==== Exercise data

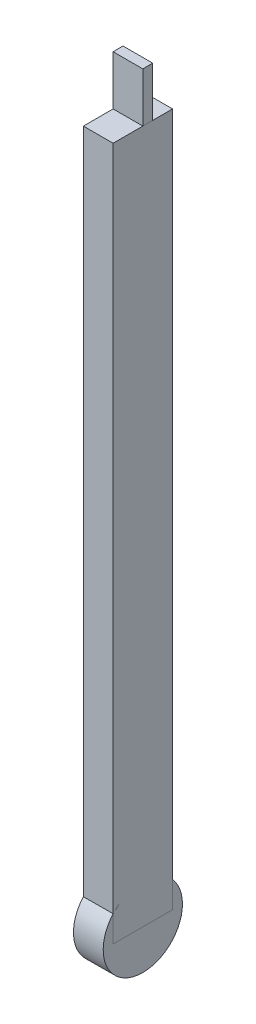
ISO-10303-21;
HEADER;
FILE_DESCRIPTION(('STEP AP214'),'2;1');
FILE_NAME('part.step','',(''),(''),'','','');
FILE_SCHEMA(('AUTOMOTIVE_DESIGN { 1 0 10303 214 1 1 1 1 }'));
ENDSEC;
DATA;
#1=APPLICATION_CONTEXT('core data for automotive mechanical design processes');
#2=APPLICATION_PROTOCOL_DEFINITION('international standard','automotive_design',2000,#1);
#3=PRODUCT_CONTEXT('',#1,'mechanical');
#4=PRODUCT('Part','Part','',(#3));
#5=PRODUCT_RELATED_PRODUCT_CATEGORY('part','',(#4));
#6=PRODUCT_DEFINITION_FORMATION('','',#4);
#7=PRODUCT_DEFINITION_CONTEXT('part definition',#1,'design');
#8=PRODUCT_DEFINITION('design','',#6,#7);
#9=PRODUCT_DEFINITION_SHAPE('','',#8);
#10=(LENGTH_UNIT() NAMED_UNIT(*) SI_UNIT(.MILLI.,.METRE.));
#11=(NAMED_UNIT(*) PLANE_ANGLE_UNIT() SI_UNIT($,.RADIAN.));
#12=(NAMED_UNIT(*) SI_UNIT($,.STERADIAN.) SOLID_ANGLE_UNIT());
#13=UNCERTAINTY_MEASURE_WITH_UNIT(LENGTH_MEASURE(1.E-05),#10,'distance_accuracy_value','');
#14=(GEOMETRIC_REPRESENTATION_CONTEXT(3) GLOBAL_UNCERTAINTY_ASSIGNED_CONTEXT((#13)) GLOBAL_UNIT_ASSIGNED_CONTEXT((#10,
#11,#12)) REPRESENTATION_CONTEXT('',''));
#15=CARTESIAN_POINT('',(0.,0.,0.));
#16=DIRECTION('',(0.,0.,1.));
#17=DIRECTION('',(1.,0.,0.));
#18=AXIS2_PLACEMENT_3D('',#15,#16,#17);
#19=CARTESIAN_POINT('',(0.,-5.,12.));
#20=DIRECTION('',(0.,0.,1.));
#21=DIRECTION('',(1.,0.,0.));
#22=AXIS2_PLACEMENT_3D('',#19,#20,#21);
#23=PLANE('',#22);
#24=DIRECTION('',(-1.,0.,0.));
#25=VECTOR('',#24,1.);
#26=CARTESIAN_POINT('',(0.,-75.,12.));
#27=LINE('',#26,#25);
#28=CARTESIAN_POINT('',(3.,-75.,12.));
#29=VERTEX_POINT('',#28);
#30=CARTESIAN_POINT('',(-3.,-75.,12.));
#31=VERTEX_POINT('',#30);
#32=EDGE_CURVE('P0_E11',#29,#31,#27,.T.);
#33=ORIENTED_EDGE('',*,*,#32,.F.);
#34=DIRECTION('',(0.,-1.,0.));
#35=VECTOR('',#34,1.);
#36=CARTESIAN_POINT('',(3.,-5.,12.));
#37=LINE('',#36,#35);
#38=CARTESIAN_POINT('',(3.,65.,12.));
#39=VERTEX_POINT('',#38);
#40=EDGE_CURVE('P0_E61',#39,#29,#37,.T.);
#41=ORIENTED_EDGE('',*,*,#40,.F.);
#42=DIRECTION('',(1.,0.,0.));
#43=VECTOR('',#42,1.);
#44=CARTESIAN_POINT('',(0.,65.,12.));
#45=LINE('',#44,#43);
#46=CARTESIAN_POINT('',(-3.,65.,12.));
#47=VERTEX_POINT('',#46);
#48=EDGE_CURVE('P0_E87',#47,#39,#45,.T.);
#49=ORIENTED_EDGE('',*,*,#48,.F.);
#50=DIRECTION('',(0.,1.,0.));
#51=VECTOR('',#50,1.);
#52=CARTESIAN_POINT('',(-3.,-5.,12.));
#53=LINE('',#52,#51);
#54=EDGE_CURVE('P0_E24',#31,#47,#53,.T.);
#55=ORIENTED_EDGE('',*,*,#54,.F.);
#56=EDGE_LOOP('',(#33,#41,#49,#55));
#57=FACE_BOUND('',#56,.T.);
#58=ADVANCED_FACE('P0_F17',(#57),#23,.T.);
#59=CARTESIAN_POINT('',(0.,-75.,0.));
#60=DIRECTION('',(0.,-1.,0.));
#61=DIRECTION('',(0.,0.,-1.));
#62=AXIS2_PLACEMENT_3D('',#59,#60,#61);
#63=PLANE('',#62);
#64=DIRECTION('',(0.,0.,1.));
#65=VECTOR('',#64,1.);
#66=CARTESIAN_POINT('',(3.,-75.,0.));
#67=LINE('',#66,#65);
#68=CARTESIAN_POINT('',(3.,-75.,0.));
#69=VERTEX_POINT('',#68);
#70=EDGE_CURVE('P0_E54',#69,#29,#67,.T.);
#71=ORIENTED_EDGE('',*,*,#70,.T.);
#72=ORIENTED_EDGE('',*,*,#32,.T.);
#73=DIRECTION('',(0.,0.,1.));
#74=VECTOR('',#73,1.);
#75=CARTESIAN_POINT('',(-3.,-75.,0.));
#76=LINE('',#75,#74);
#77=CARTESIAN_POINT('',(-3.,-75.,0.));
#78=VERTEX_POINT('',#77);
#79=EDGE_CURVE('P0_E67',#78,#31,#76,.T.);
#80=ORIENTED_EDGE('',*,*,#79,.F.);
#81=DIRECTION('',(1.,0.,0.));
#82=VECTOR('',#81,1.);
#83=CARTESIAN_POINT('',(0.,-75.,0.));
#84=LINE('',#83,#82);
#85=EDGE_CURVE('P0_E65',#78,#69,#84,.T.);
#86=ORIENTED_EDGE('',*,*,#85,.T.);
#87=EDGE_LOOP('',(#71,#72,#80,#86));
#88=FACE_BOUND('',#87,.T.);
#89=ADVANCED_FACE('P0_F66',(#88),#63,.T.);
#90=CARTESIAN_POINT('',(-3.,-5.,0.));
#91=DIRECTION('',(-1.,0.,0.));
#92=DIRECTION('',(0.,0.,1.));
#93=AXIS2_PLACEMENT_3D('',#90,#91,#92);
#94=PLANE('',#93);
#95=ORIENTED_EDGE('',*,*,#79,.T.);
#96=ORIENTED_EDGE('',*,*,#54,.T.);
#97=DIRECTION('',(0.,0.,1.));
#98=VECTOR('',#97,1.);
#99=CARTESIAN_POINT('',(-3.,65.,0.));
#100=LINE('',#99,#98);
#101=CARTESIAN_POINT('',(-3.,65.,0.));
#102=VERTEX_POINT('',#101);
#103=EDGE_CURVE('P0_E82',#102,#47,#100,.T.);
#104=ORIENTED_EDGE('',*,*,#103,.F.);
#105=DIRECTION('',(0.,-1.,0.));
#106=VECTOR('',#105,1.);
#107=CARTESIAN_POINT('',(-3.,-5.,0.));
#108=LINE('',#107,#106);
#109=EDGE_CURVE('P0_E71',#102,#78,#108,.T.);
#110=ORIENTED_EDGE('',*,*,#109,.T.);
#111=EDGE_LOOP('',(#95,#96,#104,#110));
#112=FACE_BOUND('',#111,.T.);
#113=ADVANCED_FACE('P0_F91',(#112),#94,.T.);
#114=CARTESIAN_POINT('',(0.,65.,0.));
#115=DIRECTION('',(0.,1.,0.));
#116=DIRECTION('',(0.,0.,1.));
#117=AXIS2_PLACEMENT_3D('',#114,#115,#116);
#118=PLANE('',#117);
#119=ORIENTED_EDGE('',*,*,#103,.T.);
#120=ORIENTED_EDGE('',*,*,#48,.T.);
#121=DIRECTION('',(0.,0.,1.));
#122=VECTOR('',#121,1.);
#123=CARTESIAN_POINT('',(3.,65.,0.));
#124=LINE('',#123,#122);
#125=CARTESIAN_POINT('',(3.,65.,0.));
#126=VERTEX_POINT('',#125);
#127=EDGE_CURVE('P0_E62',#126,#39,#124,.T.);
#128=ORIENTED_EDGE('',*,*,#127,.F.);
#129=DIRECTION('',(-1.,0.,0.));
#130=VECTOR('',#129,1.);
#131=CARTESIAN_POINT('',(0.,65.,0.));
#132=LINE('',#131,#130);
#133=EDGE_CURVE('P0_E76',#126,#102,#132,.T.);
#134=ORIENTED_EDGE('',*,*,#133,.T.);
#135=EDGE_LOOP('',(#119,#120,#128,#134));
#136=FACE_BOUND('',#135,.T.);
#137=ADVANCED_FACE('P0_F89',(#136),#118,.T.);
#138=CARTESIAN_POINT('',(0.,-5.,0.));
#139=DIRECTION('',(0.,0.,-1.));
#140=DIRECTION('',(-1.,0.,0.));
#141=AXIS2_PLACEMENT_3D('',#138,#139,#140);
#142=PLANE('',#141);
#143=DIRECTION('',(0.,1.,0.));
#144=VECTOR('',#143,1.);
#145=CARTESIAN_POINT('',(3.,-5.,0.));
#146=LINE('',#145,#144);
#147=EDGE_CURVE('P0_E59',#69,#126,#146,.T.);
#148=ORIENTED_EDGE('',*,*,#147,.F.);
#149=ORIENTED_EDGE('',*,*,#85,.F.);
#150=ORIENTED_EDGE('',*,*,#109,.F.);
#151=ORIENTED_EDGE('',*,*,#133,.F.);
#152=EDGE_LOOP('',(#148,#149,#150,#151));
#153=FACE_BOUND('',#152,.T.);
#154=ADVANCED_FACE('P0_F74',(#153),#142,.T.);
#155=CARTESIAN_POINT('',(3.,-5.,0.));
#156=DIRECTION('',(1.,0.,0.));
#157=DIRECTION('',(0.,0.,-1.));
#158=AXIS2_PLACEMENT_3D('',#155,#156,#157);
#159=PLANE('',#158);
#160=ORIENTED_EDGE('',*,*,#147,.T.);
#161=ORIENTED_EDGE('',*,*,#127,.T.);
#162=ORIENTED_EDGE('',*,*,#40,.T.);
#163=ORIENTED_EDGE('',*,*,#70,.F.);
#164=EDGE_LOOP('',(#160,#161,#162,#163));
#165=FACE_BOUND('',#164,.T.);
#166=ADVANCED_FACE('P0_F56',(#165),#159,.T.);
#167=CLOSED_SHELL('',(#58,#89,#113,#137,#154,#166));
#168=MANIFOLD_SOLID_BREP('P0_B1',#167);
#169=CARTESIAN_POINT('',(3.,-75.,6.));
#170=DIRECTION('',(1.,0.,0.));
#171=DIRECTION('',(0.,0.,-1.));
#172=AXIS2_PLACEMENT_3D('',#169,#170,#171);
#173=PLANE('',#172);
#174=CARTESIAN_POINT('',(3.,-75.,6.));
#175=DIRECTION('',(-1.,0.,0.));
#176=DIRECTION('',(0.,0.,1.));
#177=AXIS2_PLACEMENT_3D('',#174,#175,#176);
#178=CIRCLE('',#177,8.);
#179=CARTESIAN_POINT('',(3.,-75.,14.));
#180=VERTEX_POINT('',#179);
#181=EDGE_CURVE('P1_E10',#180,#180,#178,.T.);
#182=ORIENTED_EDGE('',*,*,#181,.F.);
#183=EDGE_LOOP('',(#182));
#184=FACE_BOUND('',#183,.T.);
#185=ADVANCED_FACE('P1_F15',(#184),#173,.T.);
#186=CARTESIAN_POINT('',(-3.,-75.,6.));
#187=DIRECTION('',(-1.,0.,0.));
#188=DIRECTION('',(0.,0.,1.));
#189=AXIS2_PLACEMENT_3D('',#186,#187,#188);
#190=PLANE('',#189);
#191=CARTESIAN_POINT('',(-3.,-75.,6.));
#192=DIRECTION('',(1.,0.,0.));
#193=DIRECTION('',(0.,0.,-1.));
#194=AXIS2_PLACEMENT_3D('',#191,#192,#193);
#195=CIRCLE('',#194,8.);
#196=CARTESIAN_POINT('',(-3.,-75.,-2.));
#197=VERTEX_POINT('',#196);
#198=EDGE_CURVE('P1_E22',#197,#197,#195,.T.);
#199=ORIENTED_EDGE('',*,*,#198,.F.);
#200=EDGE_LOOP('',(#199));
#201=FACE_BOUND('',#200,.T.);
#202=ADVANCED_FACE('P1_F29',(#201),#190,.T.);
#203=CARTESIAN_POINT('',(-3.,-75.,6.));
#204=DIRECTION('',(1.,0.,0.));
#205=DIRECTION('',(0.,0.,-1.));
#206=AXIS2_PLACEMENT_3D('',#203,#204,#205);
#207=CYLINDRICAL_SURFACE('',#206,8.);
#208=ORIENTED_EDGE('',*,*,#181,.T.);
#209=EDGE_LOOP('',(#208));
#210=FACE_BOUND('',#209,.T.);
#211=ORIENTED_EDGE('',*,*,#198,.T.);
#212=EDGE_LOOP('',(#211));
#213=FACE_BOUND('',#212,.T.);
#214=ADVANCED_FACE('P1_F17',(#210,#213),#207,.T.);
#215=CLOSED_SHELL('',(#185,#202,#214));
#216=MANIFOLD_SOLID_BREP('P1_B1',#215);
#217=CARTESIAN_POINT('',(0.,70.,6.));
#218=DIRECTION('',(0.,0.,1.));
#219=DIRECTION('',(1.,0.,0.));
#220=AXIS2_PLACEMENT_3D('',#217,#218,#219);
#221=PLANE('',#220);
#222=DIRECTION('',(-1.,0.,0.));
#223=VECTOR('',#222,1.);
#224=CARTESIAN_POINT('',(0.,65.,6.));
#225=LINE('',#224,#223);
#226=CARTESIAN_POINT('',(3.,65.,6.));
#227=VERTEX_POINT('',#226);
#228=CARTESIAN_POINT('',(-3.,65.,6.));
#229=VERTEX_POINT('',#228);
#230=EDGE_CURVE('P2_E10',#227,#229,#225,.T.);
#231=ORIENTED_EDGE('',*,*,#230,.F.);
#232=DIRECTION('',(0.,-1.,0.));
#233=VECTOR('',#232,1.);
#234=CARTESIAN_POINT('',(3.,70.,6.));
#235=LINE('',#234,#233);
#236=CARTESIAN_POINT('',(3.,75.,6.));
#237=VERTEX_POINT('',#236);
#238=EDGE_CURVE('P2_E60',#237,#227,#235,.T.);
#239=ORIENTED_EDGE('',*,*,#238,.F.);
#240=DIRECTION('',(1.,0.,0.));
#241=VECTOR('',#240,1.);
#242=CARTESIAN_POINT('',(0.,75.,6.));
#243=LINE('',#242,#241);
#244=CARTESIAN_POINT('',(-3.,75.,6.));
#245=VERTEX_POINT('',#244);
#246=EDGE_CURVE('P2_E86',#245,#237,#243,.T.);
#247=ORIENTED_EDGE('',*,*,#246,.F.);
#248=DIRECTION('',(0.,1.,0.));
#249=VECTOR('',#248,1.);
#250=CARTESIAN_POINT('',(-3.,70.,6.));
#251=LINE('',#250,#249);
#252=EDGE_CURVE('P2_E23',#229,#245,#251,.T.);
#253=ORIENTED_EDGE('',*,*,#252,.F.);
#254=EDGE_LOOP('',(#231,#239,#247,#253));
#255=FACE_BOUND('',#254,.T.);
#256=ADVANCED_FACE('P2_F16',(#255),#221,.T.);
#257=CARTESIAN_POINT('',(0.,65.,4.));
#258=DIRECTION('',(0.,-1.,0.));
#259=DIRECTION('',(0.,0.,-1.));
#260=AXIS2_PLACEMENT_3D('',#257,#258,#259);
#261=PLANE('',#260);
#262=DIRECTION('',(0.,0.,1.));
#263=VECTOR('',#262,1.);
#264=CARTESIAN_POINT('',(3.,65.,4.));
#265=LINE('',#264,#263);
#266=CARTESIAN_POINT('',(3.,65.,4.));
#267=VERTEX_POINT('',#266);
#268=EDGE_CURVE('P2_E53',#267,#227,#265,.T.);
#269=ORIENTED_EDGE('',*,*,#268,.T.);
#270=ORIENTED_EDGE('',*,*,#230,.T.);
#271=DIRECTION('',(0.,0.,1.));
#272=VECTOR('',#271,1.);
#273=CARTESIAN_POINT('',(-3.,65.,4.));
#274=LINE('',#273,#272);
#275=CARTESIAN_POINT('',(-3.,65.,4.));
#276=VERTEX_POINT('',#275);
#277=EDGE_CURVE('P2_E66',#276,#229,#274,.T.);
#278=ORIENTED_EDGE('',*,*,#277,.F.);
#279=DIRECTION('',(1.,0.,0.));
#280=VECTOR('',#279,1.);
#281=CARTESIAN_POINT('',(0.,65.,4.));
#282=LINE('',#281,#280);
#283=EDGE_CURVE('P2_E64',#276,#267,#282,.T.);
#284=ORIENTED_EDGE('',*,*,#283,.T.);
#285=EDGE_LOOP('',(#269,#270,#278,#284));
#286=FACE_BOUND('',#285,.T.);
#287=ADVANCED_FACE('P2_F65',(#286),#261,.T.);
#288=CARTESIAN_POINT('',(-3.,70.,4.));
#289=DIRECTION('',(-1.,0.,0.));
#290=DIRECTION('',(0.,0.,1.));
#291=AXIS2_PLACEMENT_3D('',#288,#289,#290);
#292=PLANE('',#291);
#293=ORIENTED_EDGE('',*,*,#277,.T.);
#294=ORIENTED_EDGE('',*,*,#252,.T.);
#295=DIRECTION('',(0.,0.,1.));
#296=VECTOR('',#295,1.);
#297=CARTESIAN_POINT('',(-3.,75.,4.));
#298=LINE('',#297,#296);
#299=CARTESIAN_POINT('',(-3.,75.,4.));
#300=VERTEX_POINT('',#299);
#301=EDGE_CURVE('P2_E81',#300,#245,#298,.T.);
#302=ORIENTED_EDGE('',*,*,#301,.F.);
#303=DIRECTION('',(0.,-1.,0.));
#304=VECTOR('',#303,1.);
#305=CARTESIAN_POINT('',(-3.,70.,4.));
#306=LINE('',#305,#304);
#307=EDGE_CURVE('P2_E70',#300,#276,#306,.T.);
#308=ORIENTED_EDGE('',*,*,#307,.T.);
#309=EDGE_LOOP('',(#293,#294,#302,#308));
#310=FACE_BOUND('',#309,.T.);
#311=ADVANCED_FACE('P2_F90',(#310),#292,.T.);
#312=CARTESIAN_POINT('',(0.,75.,4.));
#313=DIRECTION('',(0.,1.,0.));
#314=DIRECTION('',(0.,0.,1.));
#315=AXIS2_PLACEMENT_3D('',#312,#313,#314);
#316=PLANE('',#315);
#317=ORIENTED_EDGE('',*,*,#301,.T.);
#318=ORIENTED_EDGE('',*,*,#246,.T.);
#319=DIRECTION('',(0.,0.,1.));
#320=VECTOR('',#319,1.);
#321=CARTESIAN_POINT('',(3.,75.,4.));
#322=LINE('',#321,#320);
#323=CARTESIAN_POINT('',(3.,75.,4.));
#324=VERTEX_POINT('',#323);
#325=EDGE_CURVE('P2_E61',#324,#237,#322,.T.);
#326=ORIENTED_EDGE('',*,*,#325,.F.);
#327=DIRECTION('',(-1.,0.,0.));
#328=VECTOR('',#327,1.);
#329=CARTESIAN_POINT('',(0.,75.,4.));
#330=LINE('',#329,#328);
#331=EDGE_CURVE('P2_E75',#324,#300,#330,.T.);
#332=ORIENTED_EDGE('',*,*,#331,.T.);
#333=EDGE_LOOP('',(#317,#318,#326,#332));
#334=FACE_BOUND('',#333,.T.);
#335=ADVANCED_FACE('P2_F88',(#334),#316,.T.);
#336=CARTESIAN_POINT('',(0.,70.,4.));
#337=DIRECTION('',(0.,0.,-1.));
#338=DIRECTION('',(-1.,0.,0.));
#339=AXIS2_PLACEMENT_3D('',#336,#337,#338);
#340=PLANE('',#339);
#341=DIRECTION('',(0.,1.,0.));
#342=VECTOR('',#341,1.);
#343=CARTESIAN_POINT('',(3.,70.,4.));
#344=LINE('',#343,#342);
#345=EDGE_CURVE('P2_E58',#267,#324,#344,.T.);
#346=ORIENTED_EDGE('',*,*,#345,.F.);
#347=ORIENTED_EDGE('',*,*,#283,.F.);
#348=ORIENTED_EDGE('',*,*,#307,.F.);
#349=ORIENTED_EDGE('',*,*,#331,.F.);
#350=EDGE_LOOP('',(#346,#347,#348,#349));
#351=FACE_BOUND('',#350,.T.);
#352=ADVANCED_FACE('P2_F73',(#351),#340,.T.);
#353=CARTESIAN_POINT('',(3.,70.,4.));
#354=DIRECTION('',(1.,0.,0.));
#355=DIRECTION('',(0.,0.,-1.));
#356=AXIS2_PLACEMENT_3D('',#353,#354,#355);
#357=PLANE('',#356);
#358=ORIENTED_EDGE('',*,*,#345,.T.);
#359=ORIENTED_EDGE('',*,*,#325,.T.);
#360=ORIENTED_EDGE('',*,*,#238,.T.);
#361=ORIENTED_EDGE('',*,*,#268,.F.);
#362=EDGE_LOOP('',(#358,#359,#360,#361));
#363=FACE_BOUND('',#362,.T.);
#364=ADVANCED_FACE('P2_F55',(#363),#357,.T.);
#365=CLOSED_SHELL('',(#256,#287,#311,#335,#352,#364));
#366=MANIFOLD_SOLID_BREP('P2_B1',#365);
#367=ADVANCED_BREP_SHAPE_REPRESENTATION('',(#18,#168,#216,#366),#14);
#368=SHAPE_DEFINITION_REPRESENTATION(#9,#367);
ENDSEC;
END-ISO-10303-21;

========

**Exercise brief**:
Could you reproduce exactly the lines of the entries above, from the one with "#178=CIRCLE('',#177,8.);" through the one with "#192=DIRECTION('',(1.,0.,0.));", and nothing else?

**Reply**:
#178=CIRCLE('',#177,8.);
#179=CARTESIAN_POINT('',(3.,-75.,14.));
#180=VERTEX_POINT('',#179);
#181=EDGE_CURVE('P1_E10',#180,#180,#178,.T.);
#182=ORIENTED_EDGE('',*,*,#181,.F.);
#183=EDGE_LOOP('',(#182));
#184=FACE_BOUND('',#183,.T.);
#185=ADVANCED_FACE('P1_F15',(#184),#173,.T.);
#186=CARTESIAN_POINT('',(-3.,-75.,6.));
#187=DIRECTION('',(-1.,0.,0.));
#188=DIRECTION('',(0.,0.,1.));
#189=AXIS2_PLACEMENT_3D('',#186,#187,#188);
#190=PLANE('',#189);
#191=CARTESIAN_POINT('',(-3.,-75.,6.));
#192=DIRECTION('',(1.,0.,0.));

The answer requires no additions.